The universe, in the broadest perspective, does indeed appear arbitrary, indifferent, and meaningless. If we zoom in a little closer, though, the frame of reference shifts. We–you and me, concrete examples of real persons–are, after all, part of the universe. So when we create meaning for ourselves, when we feel elation at hard-earned accomplishments, when we feel the pangs and pains and joys of love and connection, when we feel allied to our brothers and sisters and nature at large, when we feel and express purpose, it is the universe itself expressing purpose. And I don’t mean that in some New Age-y, mystical sense; I simply mean that our very beings are real-deal examples of fragments of the universe experiencing meaning. That’s as real as it gets.
We are raised with this notion–perhaps it’s even innate to human psychology–that we need external validation for meaning; that God or something God-like must sign, seal, and deliver meaning to each of us, or else it’s fabricated and fake and we’re kidding ourselves to think otherwise. I call bullshit. We are our own gods. We are the authors of our own meaning, insofar as we have the privilege and capacity to actualize it. Though random and meaningless, the universe still managed, as Ray Bradbury wrote, to shout itself to life. We are one of the shouts. That is real, as real as it gets, as real as it needs to be.

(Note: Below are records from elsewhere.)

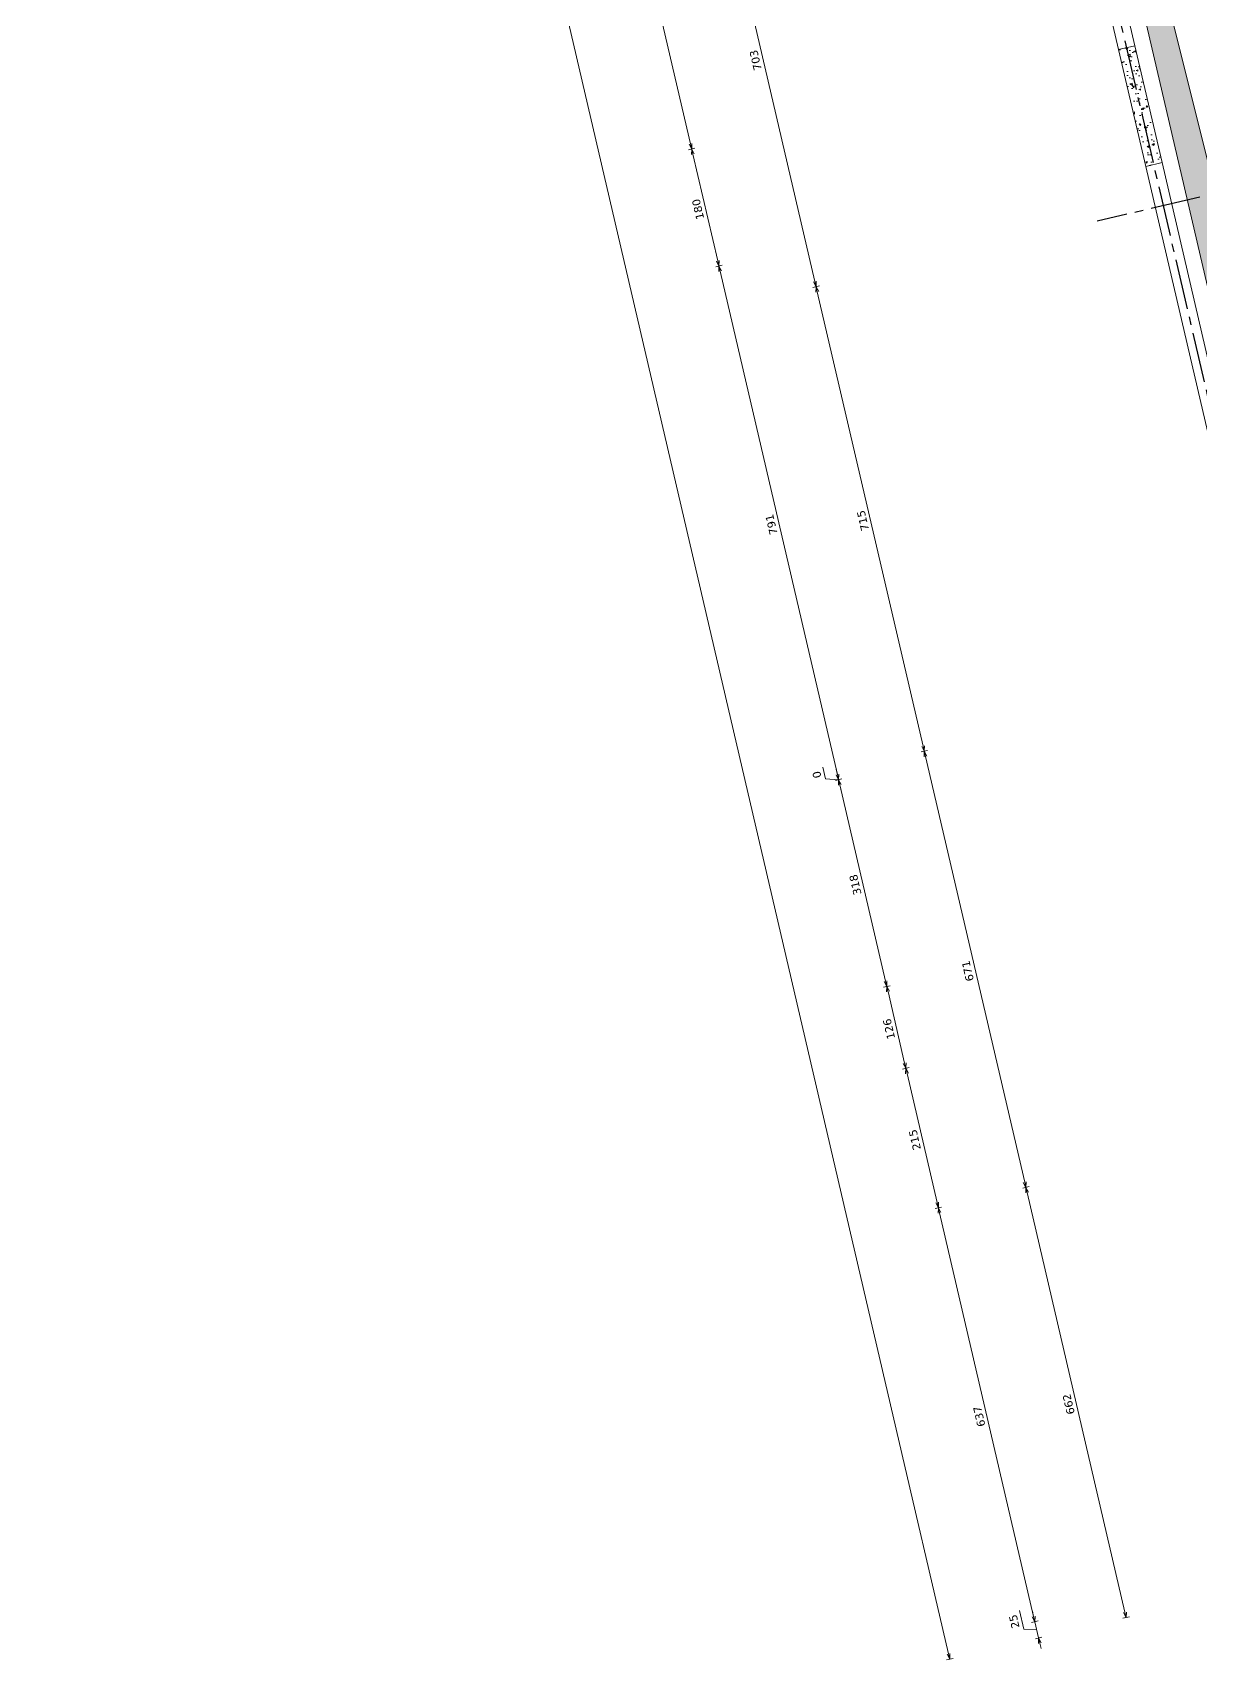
# Model space of a CAD drawing. Header units: metres. Extents: x -49 to 867749, y -579737 to 170817.
# Drawn here: x 596113.22 to 596130.74, y 139677.42 to 139701.84 of the extents above; entities that cross this region are included whole.
import ezdxf

# ---------------------------------------------------------------- set-up
doc = ezdxf.new("R2010")
doc.units = ezdxf.units.M
doc.header["$MEASUREMENT"] = 0
doc.header["$PDMODE"] = 3
doc.header["$PDSIZE"] = 0.1
doc.linetypes.add('AXES2', pattern=[1.125, 0.75, -0.125, 0.125, -0.125])
doc.layers.add('00-AXE-0.00', color=14, linetype='AXES2')
for name, color, linetype, lineweight in [('ACSP - Béton', 252, 'Continuous', 18), ('ACSP - Cotes', 7, 'Continuous', 18), ('ACSP - Trémie', 7, 'Continuous', 18)]:
    doc.layers.add(name, color=color, linetype=linetype, lineweight=lineweight)
doc.styles.add('COT', font='verdana.ttf')
doc.dimstyles.new('COT50', dxfattribs={"dimtxt": 0.12, "dimasz": 0.08, "dimexe": 0.05, "dimexo": 0, "dimgap": 0.05, "dimtad": 1, "dimdec": 0, "dimlfac": 100, "dimzin": 0, "dimdsep": 46, "dimtxsty": 'COT', "dimblk": 'OPEN30', "dimcen": 0.04, "dimdle": 0.05, "dimclrd": 256, "dimclre": 256, "dimclrt": 6, "dimadec": 0, "dimazin": 0, "dimtm": 1e-09, "dimtfac": 1, "dimtdec": 0, "dimtmove": 1, "dimatfit": 0, "dimldrblk": 'OPEN30', "dimfxl": 0.05, "dimfxlon": 1, "dimtolj": 1, "dimtzin": 0, "dimlwd": -1, "dimlwe": -1, "dimarcsym": 0})

# ---------------------------------------------------------------- blocks, each defined once
blk = doc.blocks.new('_Open30')
at = {"color": 0, "linetype": 'ByBlock', "lineweight": -2}
for p, q in [((-1, 0.27), (0, 0)), ((0, 0), (-1, -0.27)), ((0, 0), (-1, 0))]:
    blk.add_line(p, q, dxfattribs=at)
blk = doc.blocks.new('*D472')
at = {"layer": 'ACSP - Cotes', "transparency": 16777216}
for p, q in [((596113.321, 139735.842), (596113.419, 139735.865)), ((596126.965, 139677.53), (596113.388, 139735.775)), ((596126.935, 139677.441), (596127.032, 139677.463))]:
    blk.add_line(p, q, dxfattribs=at)
at = {"layer": 'Defpoints', "color": 0, "transparency": 16777216}
for p in [(596113.224, 139735.819), (596113.37, 139735.853), (596126.837, 139677.418)]:
    blk.add_point(p, dxfattribs=at)
at = {"layer": 'ACSP - Cotes', "transparency": 16777216, "xscale": 0.08, "yscale": 0.08, "zscale": 0.08}
for p, rotation in [((596113.37, 139735.853), 103.1212703830424), ((596126.983, 139677.452), 283.1212703830424)]:
    blk.add_blockref('_Open30', p, dxfattribs=dict(at, rotation=rotation))
at = {"layer": 'ACSP - Cotes', "color": 6, "transparency": 16777216, "insert": (596120.067, 139706.627), "char_height": 0.12, "attachment_point": 5, "rotation": 103.1213, "style": 'COT'}
blk.add_mtext('\\A1;5997', dxfattribs=at)
blk = doc.blocks.new('*D500')
at = {"layer": 'ACSP - Cotes', "transparency": 16777216}
for p, q in [((596128.092, 139677.904), (596128.027, 139678.181)), ((596128.24, 139678.091), (596128.222, 139678.169)), ((596128.287, 139677.891), (596128.092, 139677.904)), ((596128.307, 139678.025), (596128.21, 139678.002)), ((596128.315, 139677.77), (596128.259, 139678.013)), ((596128.315, 139677.77), (596128.259, 139678.013)), ((596128.364, 139677.781), (596128.267, 139677.758)), ((596128.333, 139677.692), (596128.352, 139677.614))]:
    blk.add_line(p, q, dxfattribs=at)
at = {"layer": 'Defpoints', "color": 0, "transparency": 16777216}
for p in [(596128.37, 139678.039), (596128.259, 139678.013), (596128.427, 139677.796)]:
    blk.add_point(p, dxfattribs=at)
at = {"layer": 'ACSP - Cotes', "transparency": 16777216, "xscale": 0.08, "yscale": 0.08, "zscale": 0.08}
for p, rotation in [((596128.259, 139678.013), 283.1212703798636), ((596128.315, 139677.77), 103.1212703798635)]:
    blk.add_blockref('_Open30', p, dxfattribs=dict(at, rotation=rotation))
at = {"layer": 'ACSP - Cotes', "color": 6, "transparency": 16777216, "insert": (596127.95, 139678.017), "char_height": 0.12, "attachment_point": 5, "rotation": 103.1213, "style": 'COT'}
blk.add_mtext('\\A1;25', dxfattribs=at)
blk = doc.blocks.new('*D501')
at = {"layer": 'ACSP - Cotes', "transparency": 16777216}
for p, q in [((596126.861, 139684.23), (596126.763, 139684.208)), ((596128.24, 139678.091), (596126.83, 139684.141)), ((596128.307, 139678.025), (596128.21, 139678.002))]:
    blk.add_line(p, q, dxfattribs=at)
at = {"layer": 'Defpoints', "color": 0, "transparency": 16777216}
for p in [(596135.094, 139686.15), (596126.812, 139684.219), (596128.37, 139678.039)]:
    blk.add_point(p, dxfattribs=at)
at = {"layer": 'ACSP - Cotes', "transparency": 16777216, "xscale": 0.08, "yscale": 0.08, "zscale": 0.08}
for p, rotation in [((596126.812, 139684.219), 103.121270406544), ((596128.259, 139678.013), 283.121270406544)]:
    blk.add_blockref('_Open30', p, dxfattribs=dict(at, rotation=rotation))
at = {"layer": 'ACSP - Cotes', "color": 6, "transparency": 16777216, "insert": (596127.426, 139681.091), "char_height": 0.12, "attachment_point": 5, "rotation": 103.1213, "style": 'COT'}
blk.add_mtext('\\A1;637', dxfattribs=at)
blk = doc.blocks.new('*D502')
at = {"layer": 'ACSP - Cotes', "transparency": 16777216}
for p, q in [((596126.373, 139686.322), (596126.276, 139686.299)), ((596126.794, 139684.297), (596126.343, 139686.233)), ((596126.861, 139684.23), (596126.763, 139684.208))]:
    blk.add_line(p, q, dxfattribs=at)
at = {"layer": 'Defpoints', "color": 0, "transparency": 16777216}
for p in [(596134.607, 139688.241), (596126.324, 139686.311), (596135.094, 139686.15)]:
    blk.add_point(p, dxfattribs=at)
at = {"layer": 'ACSP - Cotes', "transparency": 16777216, "xscale": 0.08, "yscale": 0.08, "zscale": 0.08}
for p, rotation in [((596126.324, 139686.311), 103.121270406544), ((596126.812, 139684.219), 283.121270406544)]:
    blk.add_blockref('_Open30', p, dxfattribs=dict(at, rotation=rotation))
at = {"layer": 'ACSP - Cotes', "color": 6, "transparency": 16777216, "insert": (596126.459, 139685.239), "char_height": 0.12, "attachment_point": 5, "rotation": 103.1213, "style": 'COT'}
blk.add_mtext('\\A1;215', dxfattribs=at)
blk = doc.blocks.new('*D503')
at = {"layer": 'ACSP - Cotes', "transparency": 16777216}
for p, q in [((596126.087, 139687.549), (596125.99, 139687.527)), ((596126.306, 139686.389), (596126.057, 139687.46)), ((596126.373, 139686.322), (596126.276, 139686.299))]:
    blk.add_line(p, q, dxfattribs=at)
at = {"layer": 'Defpoints', "color": 0, "transparency": 16777216}
for p in [(596134.321, 139689.468), (596134.607, 139688.241), (596126.038, 139687.538)]:
    blk.add_point(p, dxfattribs=at)
at = {"layer": 'ACSP - Cotes', "transparency": 16777216, "xscale": 0.08, "yscale": 0.08, "zscale": 0.08}
for p, rotation in [((596126.038, 139687.538), 103.121270406544), ((596126.324, 139686.311), 283.121270406544)]:
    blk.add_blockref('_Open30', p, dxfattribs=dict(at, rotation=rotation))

So, for me personally, I create and experience my own meaning. I strive to cultivate gratitude that this random cosmic void has happened to bestow upon me a slice of space-time to bask in and make my own. I care because this is all we got. I didn’t choose to be thrown into existence, but here I am. And I’m going to make the most of it. And cross my fingers that I have made and will continue to make the world, in whatever tiny, insignificant, fleeting ways I can–perhaps by extending a helping hand to a stranger in need, or providing a shoulder to cry on, or saving the life of a wounded critter, or bringing smiles to the faces of loved ones–a better place. That is meaningful to me. Sure, my time here is finite, and because the universe at large is indifferent, I am inevitably facing (and have faced) much cruelty and suffering. But there’s also so much good out there, so much purpose to derive. For that, I am privileged and thankful–even if it will ultimately come to an end. It’s still real, profoundly, palpably, intensely real, while I’m here.